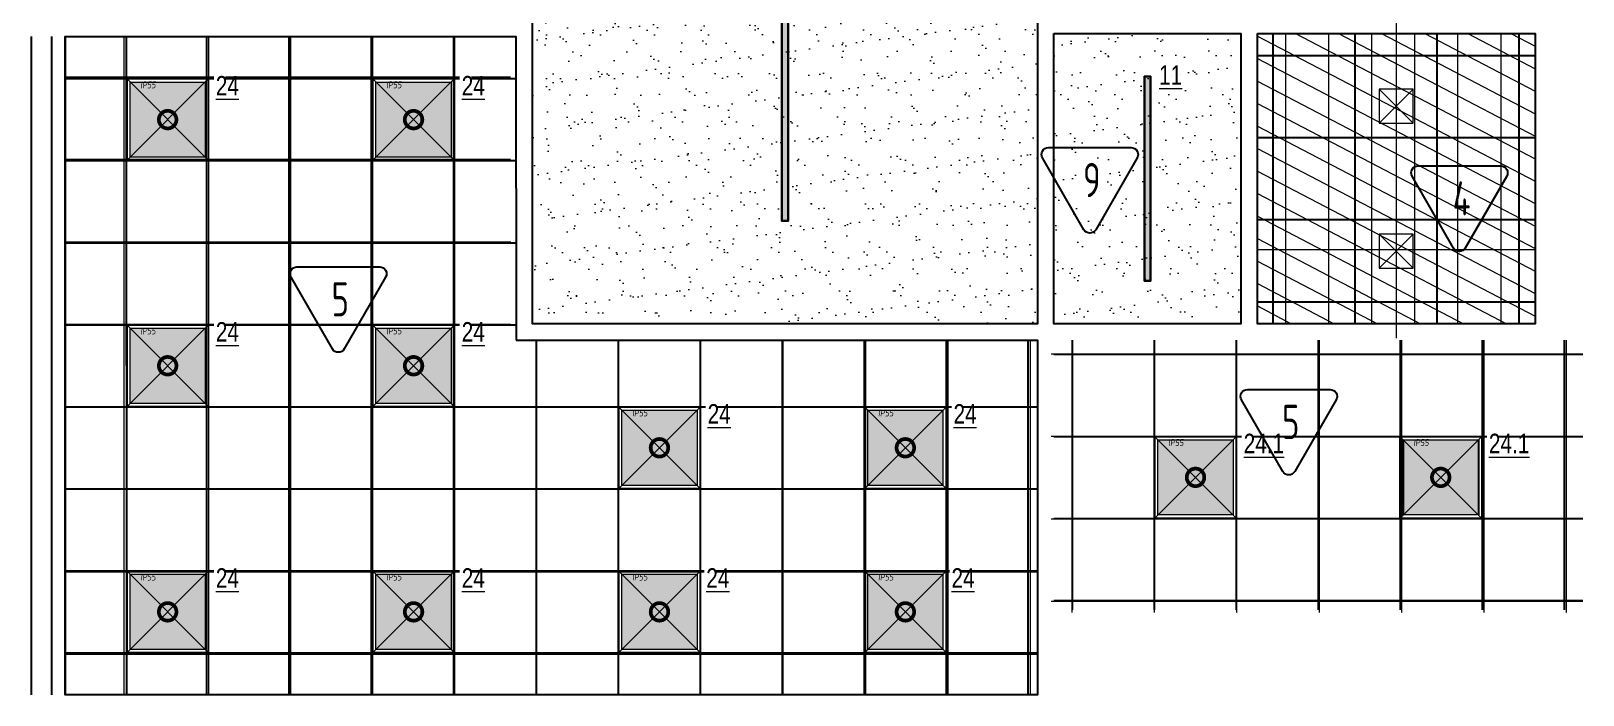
# Model space of a CAD drawing. Header units: millimetres. Extents: x -547274 to 397870, y -45599 to 141350.
# Drawn here: x -211914 to -200554, y 82686 to 87541 of the extents above; entities that cross this region are included whole.
import ezdxf

# ---------------------------------------------------------------- set-up
doc = ezdxf.new("R2010")
doc.units = ezdxf.units.MM
for name, color, linetype, lineweight in [('_ЭОМ_ОБЩ_Освещение_текст тип светильника', 172, 'Continuous', 50), ('_ЭОМ_светильник Р', 4, 'Continuous', 35), ('АР_Полы_Штриховка', 252, 'Continuous', 0), ('АР_Потолки_Штриховка', 252, 'Continuous', 0)]:
    doc.layers.add(name, color=color, linetype=linetype, lineweight=lineweight)
doc.layers.add('АР_1_ПЛИНТУС', color=7, linetype='Continuous', true_color=0x76bcab)
doc.layers.add('АР_Потолок_Грильято_белый_50х50', color=7, linetype='Continuous', lineweight=5, true_color=0x8e00bd)
doc.layers.add('АР_Потолок_Покраска', color=7, linetype='Continuous', lineweight=5, true_color=0x007399)
doc.styles.add('ISOCPEUR', font='isocpeur.ttf', dxfattribs={"height": 799.9999999999999})
doc.styles.add('ISOCUPER', font='isocpeur.ttf', dxfattribs={"width": 0.85, "oblique": 7})
doc.styles.add('ГОСТ', font='cad.shx', dxfattribs={"width": 0.8})

# ---------------------------------------------------------------- blocks, each defined once
blk = doc.blocks.new('OPL R 418 HF')
at = {"layer": 'АР_Потолки_Штриховка', "lineweight": 9, "ltscale": 1000, "true_color": 0xf8f6b0, "transparency": 33554636}
h = blk.add_hatch(color=51, dxfattribs=at)
h.dxf.hatch_style = 1
h.paths.add_polyline_path([(-274.9996888445912, 275.0000326204827), (-274.9996888445912, -274.9999673795173), (275.0003111554088, -274.9999673795173), (275.0003111554088, 275.0000326204827)])
at = {"color": 0, "linetype": 'ByBlock', "lineweight": -2, "ltscale": 100}
for p, q in [((-297.4996888445826, 297.5000326207446), (297.5003111555807, 297.5000326207446)), ((-297.4996888445826, 297.5000326207447), (-297.499688845287, -297.4999673792554)), ((-297.4996888445826, 297.5000326207446), (297.5003111548763, -297.4999673792554)), ((-297.4996888449377, -297.4999673792554), (297.5003111555807, 297.5000326207446)), ((297.5003111555807, 297.5000326207447), (297.5003111548763, -297.4999673792554)), ((297.5003111548763, -297.4999673792554), (-297.4996888449377, -297.4999673792554))]:
    blk.add_line(p, q, dxfattribs=at)
at = {"color": 250, "lineweight": 9, "ltscale": 1000}
for points in [[(-299.9996888447658, 300.0000326208319), (300.0003111552342, 300.0000326208319), (300.0003111552342, -299.9999673791681), (-299.9996888447658, -299.9999673791681)], [(-274.9996888445912, 275.0000326204827), (275.0003111554088, 275.0000326204827), (275.0003111554088, -274.9999673795173), (-274.9996888445912, -274.9999673795173)]]:
    blk.add_lwpolyline(points, close=True, dxfattribs=at)
at = {"color": 0, "linetype": 'ByBlock', "lineweight": -2, "const_width": 27.23449849847384}
blk.add_lwpolyline([(-64.32945273991754, 3.262083191657439e-05, 1), (64.3300750507351, 3.262083191657439e-05, 1)], format="xyb", close=True, dxfattribs=at)
at = {"color": 0, "linetype": 'ByBlock', "lineweight": -2, "insert": (-199.8468738604652, 279.3527613399128), "char_height": 50, "attachment_point": 1, "style": 'ISOCUPER'}
blk.add_mtext_dynamic_manual_height_columns('IP55', width=2.442122449761882, gutter_width=12.5, heights=[0], dxfattribs=at)
blk = doc.blocks.new('RVE-PLS5070-1500-P')
at = {"color": 0, "linetype": 'ByBlock', "lineweight": -2, "ltscale": 40}
for points in [[(750, -25), (-750, -25), (-750, 25), (750, 25)], [(745, -20), (-745, -20), (-745, 20), (745, 20)]]:
    blk.add_lwpolyline(points, close=True, dxfattribs=at)
blk = doc.blocks.new('40 НА 40 ГРИЛЬЯТО ДЛЯ 50')
at = {"color": 0, "linetype": 'ByBlock', "lineweight": -2, "ltscale": 100}
for points in [[(124.9999999999854, -125), (-125, -125), (-125, 125), (124.9999999999854, 125), (124.9999999999854, -125)], [(124.9999999999854, 125), (-125, -125)], [(-125, 125), (124.9999999999854, -125)]]:
    blk.add_lwpolyline(points, dxfattribs=at)

msp = doc.modelspace()

# ---------------------------------------------------------------- hatches: boundary and pattern name
at = {"layer": 'АР_Полы_Штриховка', "transparency": 33554610}
h = msp.add_hatch(dxfattribs=at)
h.set_pattern_fill('ANSI37', color=250, scale=190, angle=45)
h.set_pattern_definition([(90, (357630.8248249644, 127020.6646564122), (-603.25, 0), []), (180, (357630.8248249644, 127020.6646564122), (-5.684341886080801e-14, -603.25), [])])
h.paths.add_polyline_path([(-208402.8726505346, 85283.47337462759), (-204546.3497038043, 85283.47463334049), (-204546.321776599, 82688.45996562438), (-211664.0368840611, 82688.42523261234), (-211664.0356766493, 87503.42527383534), (-208403.4883215335, 87503.42527383528)])
h = msp.add_hatch(dxfattribs=at)
h.set_pattern_fill('ANSI37', color=250, scale=190, angle=45)
h.set_pattern_definition([(90, (357332.1000010432, 127407.6142819421), (-603.25, 0), []), (180, (357332.1000010432, 127407.6142819421), (-5.684341886080801e-14, -603.25), [])])
h.paths.add_polyline_path([(-204446.3375566365, 85280.73494940286), (-200554.0320302749, 85280.72994053604), (-200554.0405304356, 83288.06587729181), (-204446.337556564, 83288.06044481885)])
at = {"layer": 'АР_Потолки_Штриховка', "ltscale": 100, "true_color": 0xf8f6b0}
h = msp.add_hatch(color=51, dxfattribs=at)
h.dxf.hatch_style = 1
h.paths.add_polyline_path([(-206415.0325580597, 87645.70750461175), (-206415.0325580597, 86155.70750461175), (-206375.0325580597, 86155.70750461175), (-206375.0325580597, 87645.70750461175)])
h = msp.add_hatch(color=51, dxfattribs=at)
h.dxf.hatch_style = 1
h.paths.add_polyline_path([(-211189.0841000353, 86618.16474114313), (-210639.0841000353, 86618.16474114313), (-210639.0841000353, 87168.16474114313), (-211189.0841000353, 87168.16474114313)])
h = msp.add_hatch(color=51, dxfattribs=at)
h.dxf.hatch_style = 1
h.paths.add_polyline_path([(-209389.0840996809, 86618.18494867276), (-208839.0840996809, 86618.18494867276), (-208839.0840996809, 87168.18494867276), (-209389.0840996809, 87168.18494867276)])
h = msp.add_hatch(color=51, dxfattribs=at)
h.dxf.hatch_style = 1
h.paths.add_polyline_path([(-203761.9208785048, 87206.72918332883), (-203761.9208785048, 85716.72918332883), (-203721.9208785048, 85716.72918332883), (-203721.9208785048, 87206.72918332883)])
h = msp.add_hatch(color=51, dxfattribs=at)
h.dxf.hatch_style = 1
h.paths.add_polyline_path([(-211189.0228543745, 84818.14298567202), (-210639.0228543745, 84818.14298567202), (-210639.0228543745, 85368.14298567202), (-211189.0228543745, 85368.14298567202)])
h = msp.add_hatch(color=51, dxfattribs=at)
h.dxf.hatch_style = 1
h.paths.add_polyline_path([(-209389.0228540201, 84818.16319320165), (-208839.0228540201, 84818.16319320165), (-208839.0228540201, 85368.16319320165), (-209389.0228540201, 85368.16319320165)])
h = msp.add_hatch(color=51, dxfattribs=at)
h.dxf.hatch_style = 1
h.paths.add_polyline_path([(-207589.0161178226, 84218.18340076909), (-207039.0161178226, 84218.18340076909), (-207039.0161178226, 84768.18340076909), (-207589.0161178226, 84768.18340076909)])
h = msp.add_hatch(color=51, dxfattribs=at)
h.dxf.hatch_style = 1
h.paths.add_polyline_path([(-205789.0161174682, 84218.20360829872), (-205239.0161174682, 84218.20360829872), (-205239.0161174682, 84768.20360829872), (-205789.0161174682, 84768.20360829872)])
h = msp.add_hatch(color=51, dxfattribs=at)
h.dxf.hatch_style = 1
h.paths.add_polyline_path([(-203665.1771876282, 84001.8978560023), (-203115.1771876282, 84001.8978560023), (-203115.1771876282, 84551.8978560023), (-203665.1771876282, 84551.8978560023)])
h = msp.add_hatch(color=51, dxfattribs=at)
h.dxf.hatch_style = 1
h.paths.add_polyline_path([(-201865.1771876282, 84001.89785600228), (-201315.1771876282, 84001.89785600228), (-201315.1771876282, 84551.89785600228), (-201865.1771876282, 84551.89785600228)])
h = msp.add_hatch(color=51, dxfattribs=at)
h.dxf.hatch_style = 1
h.paths.add_polyline_path([(-211188.9752882536, 83018.14298609259), (-210638.9752882536, 83018.14298609259), (-210638.9752882536, 83568.14298609259), (-211188.9752882536, 83568.14298609259)])
h = msp.add_hatch(color=51, dxfattribs=at)
h.dxf.hatch_style = 1
h.paths.add_polyline_path([(-209388.9752878992, 83018.16319362221), (-208838.9752878992, 83018.16319362221), (-208838.9752878992, 83568.16319362221), (-209388.9752878992, 83568.16319362221)])
h = msp.add_hatch(color=51, dxfattribs=at)
h.dxf.hatch_style = 1
h.paths.add_polyline_path([(-207588.9752875449, 83018.18340115184), (-207038.9752875449, 83018.18340115184), (-207038.9752875449, 83568.18340115184), (-207588.9752875449, 83568.18340115184)])
h = msp.add_hatch(color=51, dxfattribs=at)
h.dxf.hatch_style = 1
h.paths.add_polyline_path([(-205788.9752871905, 83018.20360868148), (-205238.9752871905, 83018.20360868148), (-205238.9752871905, 83568.20360868148), (-205788.9752871905, 83568.20360868148)])
at = {"layer": 'АР_Потолок_Грильято_белый_50х50', "transparency": 33554687}
h = msp.add_hatch(dxfattribs=at)
h.set_pattern_fill('ANSI37', color=256, scale=50, angle=45)
h.set_pattern_definition([(90, (-8363953500.930922, -936163535.581596), (-158.75, 0), []), (180, (-8363953500.930922, -936163535.581596), (0, -158.75), [])])
h.paths.add_polyline_path([(-202937.4891774333, 87522.73103645658), (-200904.8455401739, 87522.7205951168), (-200904.8519153125, 85400.76540398656), (-202937.4870523388, 85400.76540398656)])
at = {"layer": 'АР_Потолок_Покраска'}
h = msp.add_hatch(dxfattribs=at)
h.set_pattern_fill('AR-SAND', color=256, scale=5)
h.set_pattern_definition([(37.50000000000001, (-412653.1590826443, 56944.56216559542), (-8.000156479920228, 244.7066186646712), [0, -193.04, 0, -215.9, 0, -206.375]), (7.499999999999999, (-412653.1590826443, 56944.56216559542), (224.7616415690013, 358.4125502841771), [0, -104.14, 0, -173.99, 0, -66.67500000000001]), (327.5, (-412809.3690826442, 56944.56216559542), (395.496185120729, 0.718592339272881), [0, -63.5, 0, -228.6, 0, -298.45]), (317.5, (-412809.3690826442, 56944.56216559542), (381.7782262361486, 111.4646616286082), [0, -31.75, 0, -149.86, 0, -171.45])])
h.paths.add_polyline_path([(-208243.682534177, 91815.682334552), (-204546.3825819424, 91815.68244382282), (-204546.3825819424, 85400.73255087098), (-208243.7733829112, 85400.73255087098)])
h = msp.add_hatch(dxfattribs=at)
h.set_pattern_fill('AR-SAND', color=256, scale=5)
h.set_pattern_definition([(37.50000000000001, (-411164.265601547, 52651.60553755929), (-8.000156479920228, 244.7066186646712), [0, -193.04, 0, -215.9, 0, -206.375]), (7.499999999999999, (-411164.265601547, 52651.60553755929), (224.7616415690013, 358.4125502841771), [0, -104.14, 0, -173.99, 0, -66.67500000000001]), (327.5, (-411320.4756015469, 52651.60553755929), (395.496185120729, 0.718592339272881), [0, -63.5, 0, -228.6, 0, -298.45]), (317.5, (-411320.4756015469, 52651.60553755929), (381.7782262361486, 111.4646616286082), [0, -31.75, 0, -149.86, 0, -171.45])])
h.paths.add_polyline_path([(-204426.3566161702, 87522.7418547436), (-203057.489100845, 87522.72581578669), (-203057.488483538, 85400.73255087098), (-204426.3493135774, 85400.73255087098)])

# ---------------------------------------------------------------- linework, layer by layer
for points in [[(-208243.682534177, 91815.682334552), (-204546.3825819424, 91815.68244382282), (-204546.3825819424, 85400.73255087098), (-208243.7733829112, 85400.73255087098)], [(-208363.7668101573, 85280.73255087098), (-204546.3502757612, 85280.73255087092), (-204546.3211430528, 82685.71593265166), (-211664.0362803552, 82685.68245835253), (-211664.0362803552, 87500.68245835253), (-208364.3824811562, 87500.68245835247)], [(-204426.3566161702, 87522.7418547436), (-203057.489100845, 87522.72581578669), (-203057.488483538, 85400.73255087098), (-204426.3493135774, 85400.73255087098)], [(-202937.4891773971, 87522.72581578669), (-200904.8497902543, 87522.72581578669), (-200904.8497902543, 85400.76540398656), (-202937.4891773971, 85400.76540398656)]]:
    msp.add_lwpolyline(points, close=True)
for points in [[(-211914.0362803552, 87500.68245835253), (-211914.0362803552, 82685.68245835254)], [(-211764.0362803552, 87500.68245835253), (-211764.0362803552, 82685.68245835254)], [(-211664.0362803552, 87500.68245835253), (-211664.0362803552, 82685.68245835254)]]:
    msp.add_lwpolyline(points)
for points in [[(-204466.9950684549, 86688.18221515247), (-203860.7771277255, 86688.18221515224, -0.5773494962845065), (-203817.4758786086, 86613.1824524566), (-204120.5847631252, 86088.18246424843, -0.5773541042744643), (-204207.1875911367, 86088.18246424843), (-204510.2962531004, 86613.1820669851, -0.5773491286020777), (-204466.9950684549, 86688.18221515247, -1.710881644036777e-06)], [(-201761.857771922, 86554.18845663624), (-201155.6398311926, 86554.18845663601, -0.5773494962845065), (-201112.3385820757, 86479.18869394038), (-201415.4474665922, 85954.18870573219, -0.5773541042744643), (-201502.0502946037, 85954.18870573219), (-201805.1589565675, 86479.18830846887, -0.5773491286020777), (-201761.857771922, 86554.18845663624, -1.710881644036777e-06)], [(-209967.8170934838, 85816.35277980976), (-209361.5991527544, 85816.35277980953, -0.5773494962845065), (-209318.2979036375, 85741.3530171139), (-209621.406788154, 85216.35302890572, -0.5773541042744643), (-209708.0096161655, 85216.35302890572), (-210011.1182781293, 85741.3526316424, -0.5773491286020777), (-209967.8170934838, 85816.35277980976, -1.710881644036777e-06)], [(-203010.4146439182, 84919.50009041687), (-202404.1967031889, 84919.50009041664, -0.5773494962845065), (-202360.895454072, 84844.500327721), (-202664.0043385885, 84319.50033951282, -0.5773541042744643), (-202750.6071666, 84319.50033951282), (-203053.7158285637, 84844.4999422495, -0.5773491286020777), (-203010.4146439182, 84919.50009041687, -1.710881644036777e-06)]]:
    msp.add_lwpolyline(points, format="xyb")
at = {"layer": 'Defpoints'}
for points in [[(-211213.9617646599, 82685.6851847166), (-211214.1255960565, 87500.68245835252)], [(-210613.9617644054, 82685.68791074213), (-210614.1255957092, 87500.68245835252)], [(-210013.9617641508, 82685.69063676764), (-210014.1255953619, 87500.6824583525)], [(-209413.9617638963, 82685.69336279316), (-209414.1255950146, 87500.68245835249)], [(-208813.9617636417, 82685.69608881867), (-208814.1255946673, 87500.68245835249)], [(-202820.7809112237, 85400.73255087098), (-202820.7809112237, 87522.72581578669)], [(-202220.7809112237, 85400.73255087098), (-202220.7809112237, 87522.72581578669)], [(-201620.7809112237, 85400.73255087098), (-201620.7809112237, 87522.72581578669)], [(-201020.7809112237, 85400.73255087098), (-201020.7809112237, 87522.72581578669)], [(-202937.488483538, 87361.70938922887), (-200904.0733389094, 87361.72581578669)], [(-211664.0362803552, 87193.15295395437), (-208364.2228162695, 87193.18999899788)], [(-202937.4836365521, 86761.70938924844), (-200904.0684919234, 86761.72581580626)], [(-211664.0362803552, 86593.15295391655), (-208364.2160804263, 86593.18999903569)], [(-202937.4787895661, 86161.70938926801), (-200904.0636449375, 86161.72581582583)], [(-202937.4787895661, 86161.70938926801), (-200904.0636449375, 86161.72581582583)], [(-211664.0362803552, 85993.15295387874), (-208364.0496791048, 85993.19000086597)], [(-202937.4739425801, 85561.70938928759), (-200904.0587979515, 85561.7258158454)], [(-211664.0362803552, 85393.15295384092), (-208363.8832777834, 85393.19000269624)], [(-208213.9617633872, 82685.6988148442), (-208214.0500600106, 85280.73255087098)], [(-207613.9617631326, 82685.70154086972), (-207614.0500596633, 85280.73255087096)], [(-207013.9617628781, 82685.70426689523), (-207014.050059316, 85280.73255087096)], [(-206413.9617626235, 82685.70699292075), (-206414.0500589687, 85280.73255087095)], [(-205813.9617623689, 82685.70971894628), (-205814.0500586214, 85280.73255087093)], [(-205213.9617621144, 82685.7124449718), (-205214.0500582741, 85280.73255087093)], [(-204613.9617618599, 82685.71517099731), (-204614.0500579268, 85280.73255087092)], [(-204290.1820346141, 83308.06316105532), (-204290.1820346141, 85280.73255087098)], [(-203690.1820346141, 83308.06316105532), (-203690.1820346141, 85280.73255087098)], [(-203090.1820346141, 83308.06316105532), (-203090.1820346141, 85280.73255087098)], [(-202490.1820346141, 83308.06316105532), (-202490.1820346141, 85280.73255087098)], [(-201890.1820346141, 83308.06316105532), (-201890.1820346141, 85280.73255087098)], [(-201290.1820346141, 83308.06316105532), (-201290.1820346141, 85280.73255087098)], [(-200690.1820346141, 83308.06316105532), (-200690.1820346141, 85280.73255087098)], [(-204426.3277888731, 85176.89785596315), (-200554.0362803552, 85176.89785596314)], [(-211664.0362803552, 84793.15295380312), (-204546.3480869784, 84793.23285985591)], [(-204426.3277888731, 84576.89785596315), (-200554.0362803552, 84576.89785596314)], [(-211664.0362803552, 84193.1529537653), (-204546.3413511352, 84193.23285989372)], [(-204426.3277888731, 83976.89785596315), (-200554.0362803552, 83976.89785596314)], [(-211664.0362803552, 83593.15295372749), (-204546.334615292, 83593.23285993152)], [(-204426.3277888731, 83376.89785596315), (-200554.0362803552, 83376.89785596314)], [(-211664.0362803552, 82993.15295368967), (-204546.3278794488, 82993.23285996933)]]:
    msp.add_lwpolyline(points, dxfattribs=at)
at = {"layer": 'АР_1_ПЛИНТУС', "color": 153, "lineweight": 9, "ltscale": 1000, "true_color": 0x5295b7}
for p, q in [((-201921.1694838257, 87715.25925260293), (-201921.1694838257, 85295.78116287547)), ((-202937.4891773971, 85942.74016025034), (-200904.8497902543, 85942.74016025034))]:
    msp.add_line(p, q, dxfattribs=at)
at = {"layer": 'АР_Потолки_Штриховка', "color": 18, "ltscale": 100, "true_color": 0x000000}
for points in [[(-206420.0325580597, 87650.70750461175), (-206420.0325580597, 86150.70750461175), (-206370.0325580597, 86150.70750461175), (-206370.0325580597, 87650.70750461175)], [(-206415.0325580597, 87645.70750461175), (-206415.0325580597, 86155.70750461175), (-206375.0325580597, 86155.70750461175), (-206375.0325580597, 87645.70750461175)], [(-210614.0841000353, 86593.16474114313), (-211214.0841000353, 86593.16474114313), (-211214.0841000353, 87193.16474114313), (-210614.0841000353, 87193.16474114313)], [(-210639.0841000353, 86618.16474114313), (-211189.0841000353, 86618.16474114313), (-211189.0841000353, 87168.16474114313), (-210639.0841000353, 87168.16474114313)], [(-208814.0840996809, 86593.18494867276), (-209414.0840996809, 86593.18494867276), (-209414.0840996809, 87193.18494867276), (-208814.0840996809, 87193.18494867276)], [(-208839.0840996809, 86618.18494867276), (-209389.0840996809, 86618.18494867276), (-209389.0840996809, 87168.18494867276), (-208839.0840996809, 87168.18494867276)], [(-203766.9208785048, 87211.72918332883), (-203766.9208785048, 85711.72918332883), (-203716.9208785048, 85711.72918332883), (-203716.9208785048, 87211.72918332883)], [(-203761.9208785048, 87206.72918332883), (-203761.9208785048, 85716.72918332883), (-203721.9208785048, 85716.72918332883), (-203721.9208785048, 87206.72918332883)], [(-210614.0228543745, 84793.14298567202), (-211214.0228543745, 84793.14298567202), (-211214.0228543745, 85393.14298567202), (-210614.0228543745, 85393.14298567202)], [(-210639.0228543745, 84818.14298567202), (-211189.0228543745, 84818.14298567202), (-211189.0228543745, 85368.14298567202), (-210639.0228543745, 85368.14298567202)], [(-208814.0228540201, 84793.16319320165), (-209414.0228540201, 84793.16319320165), (-209414.0228540201, 85393.16319320165), (-208814.0228540201, 85393.16319320165)], [(-208839.0228540201, 84818.16319320165), (-209389.0228540201, 84818.16319320165), (-209389.0228540201, 85368.16319320165), (-208839.0228540201, 85368.16319320165)], [(-207014.0161178226, 84193.18340076909), (-207614.0161178226, 84193.18340076909), (-207614.0161178226, 84793.18340076909), (-207014.0161178226, 84793.18340076909)], [(-207039.0161178226, 84218.18340076909), (-207589.0161178226, 84218.18340076909), (-207589.0161178226, 84768.18340076909), (-207039.0161178226, 84768.18340076909)], [(-205214.0161174682, 84193.20360829872), (-205814.0161174682, 84193.20360829872), (-205814.0161174682, 84793.20360829872), (-205214.0161174682, 84793.20360829872)], [(-205239.0161174682, 84218.20360829872), (-205789.0161174682, 84218.20360829872), (-205789.0161174682, 84768.20360829872), (-205239.0161174682, 84768.20360829872)], [(-203090.1771876282, 83976.8978560023), (-203690.1771876282, 83976.8978560023), (-203690.1771876282, 84576.8978560023), (-203090.1771876282, 84576.8978560023)], [(-203115.1771876282, 84001.8978560023), (-203665.1771876282, 84001.8978560023), (-203665.1771876282, 84551.8978560023), (-203115.1771876282, 84551.8978560023)], [(-201290.1771876282, 83976.89785600228), (-201890.1771876282, 83976.89785600228), (-201890.1771876282, 84576.89785600228), (-201290.1771876282, 84576.89785600228)], [(-201315.1771876282, 84001.89785600228), (-201865.1771876282, 84001.89785600228), (-201865.1771876282, 84551.89785600228), (-201315.1771876282, 84551.89785600228)], [(-210613.9752882536, 82993.14298609259), (-211213.9752882536, 82993.14298609259), (-211213.9752882536, 83593.14298609259), (-210613.9752882536, 83593.14298609259)], [(-210638.9752882536, 83018.14298609259), (-211188.9752882536, 83018.14298609259), (-211188.9752882536, 83568.14298609259), (-210638.9752882536, 83568.14298609259)], [(-208813.9752878992, 82993.16319362221), (-209413.9752878992, 82993.16319362221), (-209413.9752878992, 83593.16319362221), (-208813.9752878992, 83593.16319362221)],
+++++
» **Work instructions**:
Retype exactly, and only, the lines above from the one where "import ezdxf" occurs up to and including the one where "linetype='Continuous', lineweight=5, true_color=0x007399)" occurs.

» **Expected output**:
import ezdxf

# ---------------------------------------------------------------- set-up
doc = ezdxf.new("R2010")
doc.units = ezdxf.units.MM
for name, color, linetype, lineweight in [('_ЭОМ_ОБЩ_Освещение_текст тип светильника', 172, 'Continuous', 50), ('_ЭОМ_светильник Р', 4, 'Continuous', 35), ('АР_Полы_Штриховка', 252, 'Continuous', 0), ('АР_Потолки_Штриховка', 252, 'Continuous', 0)]:
    doc.layers.add(name, color=color, linetype=linetype, lineweight=lineweight)
doc.layers.add('АР_1_ПЛИНТУС', color=7, linetype='Continuous', true_color=0x76bcab)
doc.layers.add('АР_Потолок_Грильято_белый_50х50', color=7, linetype='Continuous', lineweight=5, true_color=0x8e00bd)
doc.layers.add('АР_Потолок_Покраска', color=7, linetype='Continuous', lineweight=5, true_color=0x007399)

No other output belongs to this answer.